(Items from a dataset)
========================================

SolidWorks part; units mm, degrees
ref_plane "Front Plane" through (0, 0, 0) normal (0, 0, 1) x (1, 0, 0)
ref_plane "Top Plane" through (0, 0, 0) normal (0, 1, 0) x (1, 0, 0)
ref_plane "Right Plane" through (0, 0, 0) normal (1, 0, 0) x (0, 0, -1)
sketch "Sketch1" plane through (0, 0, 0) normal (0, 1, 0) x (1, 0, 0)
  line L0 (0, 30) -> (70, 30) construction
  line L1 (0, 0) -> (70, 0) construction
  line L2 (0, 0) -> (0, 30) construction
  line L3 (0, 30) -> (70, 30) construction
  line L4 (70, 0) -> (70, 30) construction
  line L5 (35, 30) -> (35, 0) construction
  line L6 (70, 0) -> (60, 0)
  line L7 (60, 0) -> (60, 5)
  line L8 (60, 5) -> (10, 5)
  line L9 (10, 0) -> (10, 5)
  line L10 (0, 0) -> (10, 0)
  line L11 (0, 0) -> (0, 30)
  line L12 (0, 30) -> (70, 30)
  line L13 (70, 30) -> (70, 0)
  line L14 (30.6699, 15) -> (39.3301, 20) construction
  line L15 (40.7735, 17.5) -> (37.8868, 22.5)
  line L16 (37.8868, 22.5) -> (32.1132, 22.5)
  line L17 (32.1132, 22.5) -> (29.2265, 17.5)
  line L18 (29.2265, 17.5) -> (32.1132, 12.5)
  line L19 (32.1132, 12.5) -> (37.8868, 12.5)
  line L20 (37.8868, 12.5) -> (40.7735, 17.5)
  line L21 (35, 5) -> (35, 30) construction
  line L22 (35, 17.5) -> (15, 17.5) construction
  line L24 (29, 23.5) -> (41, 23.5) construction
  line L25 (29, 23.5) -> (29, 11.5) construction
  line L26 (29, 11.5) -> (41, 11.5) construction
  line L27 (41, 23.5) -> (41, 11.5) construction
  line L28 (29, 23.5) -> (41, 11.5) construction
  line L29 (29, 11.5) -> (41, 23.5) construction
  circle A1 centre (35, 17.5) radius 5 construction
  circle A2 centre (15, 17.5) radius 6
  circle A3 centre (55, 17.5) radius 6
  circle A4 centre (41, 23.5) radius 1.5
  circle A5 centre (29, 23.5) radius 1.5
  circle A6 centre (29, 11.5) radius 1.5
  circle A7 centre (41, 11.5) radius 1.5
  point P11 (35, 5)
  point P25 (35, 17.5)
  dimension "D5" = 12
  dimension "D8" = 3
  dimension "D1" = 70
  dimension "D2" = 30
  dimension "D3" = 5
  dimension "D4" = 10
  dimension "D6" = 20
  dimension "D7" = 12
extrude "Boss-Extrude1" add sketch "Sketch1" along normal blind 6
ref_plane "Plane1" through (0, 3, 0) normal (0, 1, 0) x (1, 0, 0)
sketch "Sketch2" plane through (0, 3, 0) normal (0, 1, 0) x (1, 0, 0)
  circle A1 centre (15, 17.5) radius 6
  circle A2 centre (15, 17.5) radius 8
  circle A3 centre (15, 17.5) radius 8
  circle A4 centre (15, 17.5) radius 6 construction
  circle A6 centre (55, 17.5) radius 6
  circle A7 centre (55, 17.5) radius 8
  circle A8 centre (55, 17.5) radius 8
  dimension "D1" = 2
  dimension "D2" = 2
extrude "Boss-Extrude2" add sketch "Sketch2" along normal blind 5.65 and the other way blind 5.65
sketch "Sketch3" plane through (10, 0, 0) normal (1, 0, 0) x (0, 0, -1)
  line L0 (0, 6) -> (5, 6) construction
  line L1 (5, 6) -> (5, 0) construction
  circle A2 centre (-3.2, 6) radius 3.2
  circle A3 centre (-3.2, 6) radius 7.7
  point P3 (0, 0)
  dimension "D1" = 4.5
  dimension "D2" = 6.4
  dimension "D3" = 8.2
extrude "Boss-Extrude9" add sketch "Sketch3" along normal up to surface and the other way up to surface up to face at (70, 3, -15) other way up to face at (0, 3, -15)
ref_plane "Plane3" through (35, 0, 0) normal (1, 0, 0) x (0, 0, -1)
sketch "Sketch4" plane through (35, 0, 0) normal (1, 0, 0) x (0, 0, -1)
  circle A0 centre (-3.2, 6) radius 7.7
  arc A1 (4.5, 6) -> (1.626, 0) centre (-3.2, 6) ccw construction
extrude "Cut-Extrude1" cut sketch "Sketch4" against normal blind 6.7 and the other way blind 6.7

========================================

▶ DESCRIPTION OF THE TASK:
Retype the records above exactly, from their first line through the line that contains "line L25 (29, 23.5)", and stop there.

▶ WORKED SOLUTION:
SolidWorks part; units mm, degrees
ref_plane "Front Plane" through (0, 0, 0) normal (0, 0, 1) x (1, 0, 0)
ref_plane "Top Plane" through (0, 0, 0) normal (0, 1, 0) x (1, 0, 0)
ref_plane "Right Plane" through (0, 0, 0) normal (1, 0, 0) x (0, 0, -1)
sketch "Sketch1" plane through (0, 0, 0) normal (0, 1, 0) x (1, 0, 0)
  line L0 (0, 30) -> (70, 30) construction
  line L1 (0, 0) -> (70, 0) construction
  line L2 (0, 0) -> (0, 30) construction
  line L3 (0, 30) -> (70, 30) construction
  line L4 (70, 0) -> (70, 30) construction
  line L5 (35, 30) -> (35, 0) construction
  line L6 (70, 0) -> (60, 0)
  line L7 (60, 0) -> (60, 5)
  line L8 (60, 5) -> (10, 5)
  line L9 (10, 0) -> (10, 5)
  line L10 (0, 0) -> (10, 0)
  line L11 (0, 0) -> (0, 30)
  line L12 (0, 30) -> (70, 30)
  line L13 (70, 30) -> (70, 0)
  line L14 (30.6699, 15) -> (39.3301, 20) construction
  line L15 (40.7735, 17.5) -> (37.8868, 22.5)
  line L16 (37.8868, 22.5) -> (32.1132, 22.5)
  line L17 (32.1132, 22.5) -> (29.2265, 17.5)
  line L18 (29.2265, 17.5) -> (32.1132, 12.5)
  line L19 (32.1132, 12.5) -> (37.8868, 12.5)
  line L20 (37.8868, 12.5) -> (40.7735, 17.5)
  line L21 (35, 5) -> (35, 30) construction
  line L22 (35, 17.5) -> (15, 17.5) construction
  line L24 (29, 23.5) -> (41, 23.5) construction
  line L25 (29, 23.5) -> (29, 11.5) construction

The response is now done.